Frequency of Cleaning
Pharma processing equipment is cleaned in one of two ways: clean-in-place methods (performed without disassembling) and clean-out-of-place methods (parts are removed and washed separately in an equipment wash area). Depending upon past and intended usage of equipment, the types of cleaning are:
Type A (minor): This type of cleaning takes place between two batches of the same product, or when there is changeover of manufacture of the drug from lower strength to higher strength. This is also done when the strength remains the same, but the colour/flavour change.
It consists partly of clean-in-place, and partly cleanout- of-place methods.
Type B (major): This type of cleaning is done between the manufacture of different kinds of products on the same equipment or when there is changeover of manufacture of the drug from higher strength to lower strength. It is also carried out at the end of each working day.
This comprises only clean-in-place methods.
Type C: For the processing rooms which are not used during the day.
Cleaning Validation
Cleaning procedure must effectively remove residues of a product and a cleaning agent from the manufacturing equipment, to a level that does not raise patient safety concerns. Validation of cleaning methods provides documented evidence that an approved cleaning procedure will provide clean equipment, suitable for its intended use.
Cleaning validation is done by one of two common methods:
• Rinse samples: Analytical determination of a sample of the last rinsing solvent used in the cleaning procedure. The volume of solvent used for the last rinse must be known.

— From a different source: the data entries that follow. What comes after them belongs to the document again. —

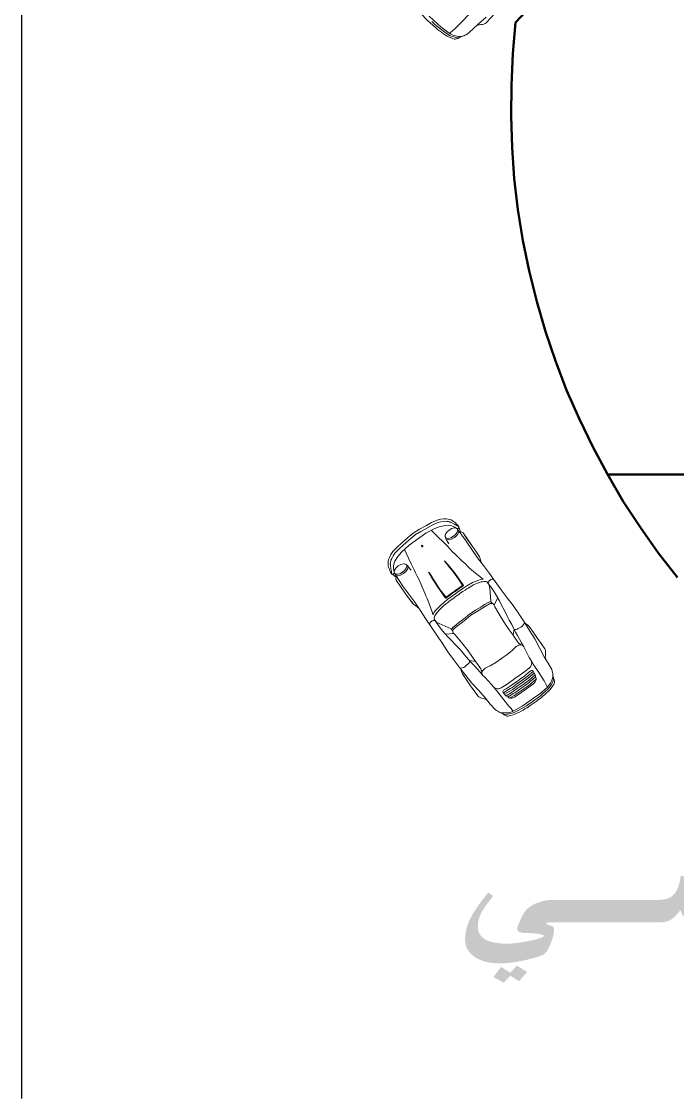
# Model space of a CAD drawing. Header units: metres. Extents: x -24.2 to 51.5, y -28.6 to 30.1.
# Drawn here: x -24.25 to -12.29, y -28.57 to -8.94 of the extents above; entities that cross this region are included whole.
import ezdxf

# ---------------------------------------------------------------- set-up
doc = ezdxf.new("R2010")
doc.units = ezdxf.units.M
for name, color, linetype in [('GF-BLACK', 250, 'Continuous'), ('GF-GRAY', 8, 'Continuous'), ('GF-TEXT-PDF', 200, 'Continuous')]:
    doc.layers.add(name, color=color, linetype=linetype)

msp = doc.modelspace()

# ---------------------------------------------------------------- hatches: boundary and pattern name
at = {"layer": 'GF-TEXT-PDF', "true_color": 0xb82e00}
h = msp.add_hatch(color=22, dxfattribs=at)
h.paths.add_polyline_path([(-10.355, -25.36), (-11.953, -25.36), (-11.964, -25.36), (-11.975, -25.359), (-11.985, -25.358), (-11.996, -25.357), (-12.006, -25.356), (-12.016, -25.354), (-12.026, -25.352), (-12.035, -25.35), (-12.045, -25.348), (-12.054, -25.345), (-12.062, -25.342), (-12.071, -25.338), (-12.079, -25.335), (-12.087, -25.331), (-12.095, -25.326), (-12.103, -25.322), (-12.11, -25.317), (-12.117, -25.312), (-12.124, -25.306), (-12.13, -25.301), (-12.135, -25.296), (-12.141, -25.29), (-12.147, -25.284), (-12.152, -25.278), (-12.158, -25.272), (-12.163, -25.265), (-12.168, -25.258), (-12.173, -25.251), (-12.178, -25.244), (-12.183, -25.236), (-12.188, -25.228), (-12.193, -25.219), (-12.198, -25.211), (-12.203, -25.202), (-12.207, -25.193), (-12.212, -25.183), (-12.216, -25.174), (-12.221, -25.164), (-12.225, -25.153), (-12.229, -25.143), (-12.233, -25.132), (-12.241, -25.143), (-12.249, -25.154), (-12.257, -25.164), (-12.265, -25.174), (-12.273, -25.184), (-12.281, -25.194), (-12.289, -25.203), (-12.297, -25.212), (-12.304, -25.221), (-12.312, -25.229), (-12.32, -25.237), (-12.328, -25.245), (-12.335, -25.252), (-12.343, -25.259), (-12.35, -25.266), (-12.358, -25.273), (-12.366, -25.279), (-12.373, -25.285), (-12.381, -25.291), (-12.388, -25.296), (-12.395, -25.301), (-12.403, -25.306), (-12.41, -25.31), (-12.417, -25.314), (-12.424, -25.318), (-12.432, -25.322), (-12.439, -25.325), (-12.447, -25.328), (-12.455, -25.331), (-12.463, -25.334), (-12.471, -25.337), (-12.479, -25.34), (-12.488, -25.342), (-12.497, -25.344), (-12.506, -25.346), (-12.515, -25.348), (-12.524, -25.35), (-12.534, -25.352), (-12.543, -25.353), (-12.553, -25.354), (-12.564, -25.355), (-12.574, -25.356), (-12.584, -25.357), (-12.595, -25.357), (-12.606, -25.358), (-12.617, -25.358), (-12.629, -25.358), (-12.844, -25.36), (-12.844, -24.949), (-12.629, -24.948), (-12.614, -24.948), (-12.6, -24.947), (-12.586, -24.947), (-12.573, -24.945), (-12.559, -24.944), (-12.546, -24.942), (-12.534, -24.94), (-12.521, -24.938), (-12.509, -24.936), (-12.497, -24.933), (-12.486, -24.93), (-12.475, -24.926), (-12.464, -24.922), (-12.453, -24.918), (-12.443, -24.914), (-12.433, -24.909), (-12.423, -24.904), (-12.414, -24.899), (-12.404, -24.893), (-12.396, -24.887), (-12.387, -24.881), (-12.379, -24.875), (-12.371, -24.868), (-12.363, -24.861), (-12.354, -24.852), (-12.346, -24.843), (-12.338, -24.833), (-12.33, -24.822), (-12.322, -24.812), (-12.315, -24.8), (-12.308, -24.788), (-12.301, -24.776), (-12.294, -24.763), (-12.288, -24.75), (-12.282, -24.736), (-12.276, -24.722), (-12.271, -24.707), (-12.266, -24.691), (-12.261, -24.675), (-12.256, -24.659), (-12.251, -24.642), (-12.247, -24.624), (-12.243, -24.606), (-12.239, -24.588), (-12.236, -24.569), (-12.233, -24.549), (-12.23, -24.529), (-12.227, -24.509), (-12.125, -24.524), (-12.126, -24.536), (-12.127, -24.547), (-12.127, -24.558), (-12.128, -24.568), (-12.129, -24.578), (-12.129, -24.587), (-12.13, -24.595), (-12.13, -24.604), (-12.131, -24.611), (-12.131, -24.623), (-12.132, -24.635), (-12.133, -24.647), (-12.133, -24.658), (-12.134, -24.669), (-12.134, -24.68), (-12.135, -24.69), (-12.135, -24.701), (-12.136, -24.71), (-12.136, -24.72), (-12.136, -24.729), (-12.136, -24.738), (-12.137, -24.747), (-12.137, -24.755), (-12.137, -24.763), (-12.137, -24.77), (-12.137, -24.782), (-12.136, -24.793), (-12.135, -24.803), (-12.134, -24.813), (-12.132, -24.823), (-12.13, -24.833), (-12.127, -24.842), (-12.124, -24.851), (-12.12, -24.859), (-12.117, -24.867), (-12.112, -24.875), (-12.108, -24.883), (-12.103, -24.89), (-12.097, -24.896), (-12.092, -24.903), (-12.085, -24.909), (-12.078, -24.915), (-12.071, -24.921), (-12.063, -24.926), (-12.056, -24.93), (-12.047, -24.934), (-12.039, -24.938), (-12.03, -24.941), (-12.021, -24.943), (-12.012, -24.946), (-12.003, -24.947), (-11.993, -24.948), (-11.983, -24.949), (-11.972, -24.949), (-11.963, -24.949), (-11.953, -24.949), (-11.943, -24.948), (-11.934, -24.947), (-11.924, -24.946), (-11.915, -24.945), (-11.906, -24.943), (-11.897, -24.941), (-11.888, -24.939), (-11.879, -24.936), (-11.87, -24.933), (-11.861, -24.93), (-11.853, -24.927), (-11.844, -24.923), (-11.836, -24.919), (-11.83, -24.917), (-11.825, -24.914), (-11.819, -24.911), (-11.813, -24.907), (-11.807, -24.904), (-11.8, -24.9), (-11.793, -24.896), (-11.786, -24.892), (-11.779, -24.888), (-11.771, -24.883), (-11.763, -24.878), (-11.755, -24.873), (-11.747, -24.868), (-11.738, -24.862), (-11.73, -24.856), (-11.72, -24.85), (-11.711, -24.844), (-11.702, -24.838), (-11.692, -24.831), (-11.682, -24.824), (-11.671, -24.817), (-11.661, -24.81), (-11.65, -24.802), (-11.639, -24.794), (-11.099, -24.409), (-11.088, -24.402), (-11.078, -24.394), (-11.068, -24.387), (-11.059, -24.381), (-11.05, -24.374), (-11.041, -24.368), (-11.032, -24.362), (-11.024, -24.356), (-11.015, -24.351), (-11.008, -24.346), (-11, -24.341), (-10.993, -24.336), (-10.986, -24.332), (-10.979, -24.327), (-10.973, -24.323), (-10.967, -24.319), (-10.961, -24.316), (-10.956, -24.313), (-10.946, -24.307), (-10.936, -24.302), (-10.927, -24.296), (-10.917, -24.292), (-10.908, -24.287), (-10.899, -24.283), (-10.889, -24.278), (-10.88, -24.275), (-10.87, -24.271), (-10.861, -24.268), (-10.852, -24.264), (-10.843, -24.262), (-10.833, -24.259), (-10.824, -24.257), (-10.815, -24.254), (-10.806, -24.253), (-10.797, -24.251), (-10.788, -24.249), (-10.779, -24.248), (-10.77, -24.247), (-10.761, -24.247), (-10.752, -24.246), (-10.743, -24.246), (-10.729, -24.247), (-10.715, -24.247), (-10.702, -24.248), (-10.688, -24.25), (-10.675, -24.252), (-10.663, -24.254), (-10.65, -24.256), (-10.638, -24.26), (-10.626, -24.263), (-10.614, -24.267), (-10.602, -24.271), (-10.591, -24.276), (-10.58, -24.281), (-10.569, -24.287), (-10.558, -24.293), (-10.548, -24.299), (-10.538, -24.306), (-10.528, -24.313), (-10.518, -24.321), (-10.508, -24.329), (-10.499, -24.338), (-10.49, -24.346), (-10.481, -24.356), (-10.473, -24.365), (-10.463, -24.377), (-10.454, -24.389), (-10.445, -24.402), (-10.437, -24.416), (-10.429, -24.429), (-10.421, -24.443), (-10.414, -24.458), (-10.407, -24.473), (-10.401, -24.489), (-10.395, -24.505), (-10.39, -24.522), (-10.385, -24.539), (-10.38, -24.557), (-10.376, -24.575), (-10.372, -24.593), (-10.368, -24.612), (-10.365, -24.632), (-10.362, -24.652), (-10.36, -24.673), (-10.358, -24.694), (-10.357, -24.715), (-10.356, -24.737), (-10.355, -24.76), (-10.355, -24.783)])
h.paths.add_polyline_path([(-10.566, -24.797), (-10.567, -24.79), (-10.568, -24.782), (-10.569, -24.775), (-10.572, -24.768), (-10.575, -24.762), (-10.578, -24.755), (-10.582, -24.749), (-10.587, -24.742), (-10.593, -24.736), (-10.599, -24.73), (-10.606, -24.724), (-10.614, -24.719), (-10.622, -24.713), (-10.631, -24.708), (-10.641, -24.703), (-10.651, -24.698), (-10.662, -24.693), (-10.673, -24.688), (-10.682, -24.685), (-10.691, -24.682), (-10.699, -24.679), (-10.708, -24.676), (-10.717, -24.674), (-10.726, -24.671), (-10.735, -24.669), (-10.744, -24.667), (-10.754, -24.665), (-10.763, -24.663), (-10.772, -24.661), (-10.782, -24.66), (-10.792, -24.659), (-10.801, -24.658), (-10.811, -24.656), (-10.821, -24.656), (-10.831, -24.655), (-10.842, -24.654), (-10.852, -24.654), (-10.862, -24.654), (-10.873, -24.654), (-10.881, -24.654), (-10.889, -24.654), (-10.898, -24.655), (-10.906, -24.655), (-10.915, -24.656), (-10.924, -24.658), (-10.933, -24.659), (-10.942, -24.661), (-10.951, -24.663), (-10.96, -24.665), (-10.969, -24.667), (-10.978, -24.67), (-10.988, -24.672), (-10.997, -24.675), (-11.007, -24.678), (-11.016, -24.682), (-11.026, -24.686), (-11.036, -24.689), (-11.046, -24.693), (-11.056, -24.698), (-11.066, -24.702), (-11.076, -24.707), (-11.086, -24.712), (-11.097, -24.717), (-11.107, -24.723), (-11.118, -24.729), (-11.129, -24.735), (-11.141, -24.741), (-11.153, -24.748), (-11.166, -24.756), (-11.179, -24.763), (-11.192, -24.771), (-11.206, -24.78), (-11.22, -24.788), (-11.234, -24.797), (-11.249, -24.807), (-11.264, -24.817), (-11.28, -24.827), (-11.296, -24.838), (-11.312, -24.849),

• Swab sampling: Based on the physical removal of residue left over on a piece of equipment after it has been cleaned and dried. A swab wetted with a solvent is rubbed over a previously determined sample surface area to remove any potential residue, and extracted into a known volume of solvent in which the contaminant active ingredient residue is soluble.
Parameters
By measuring the levels of certain impurities left on the equipment after cleaning, using either of the above methods, one can determine the efficacy of cleaning:
• Total Solids: Quantities of non-volatile liquid in liquid extracts, either in rinses or swabs results of the surface. Used for both organic and in-organic materials.
• pH test: for determining the presence of alkaline or acid cleaning materials in the final rinse.
• Specific Ion Meters: for quantifying low levels of specific ions generally from ionic materials. Useful for confirming the level of residual acidic or basic detergents in the final rinse, as determined by the pH test.
US-FDA Standards
The US Drug authority has mandated certain standards for acceptable levels of impurities – either from cleaning chemicals or previously manufactured drugs – in a fully processed unit sold to consumers:
• Not more than 0.1% of the normal therapeutic dose (amount used in a single dose for treatment) of any product should appear in the maximum daily dose of the product that is manufactured on the same equipment, after it.
• Not more than 10ppm of any product to appear in another product.
• No quantity of residue to be visible on the equipment after cleaning procedures are performed.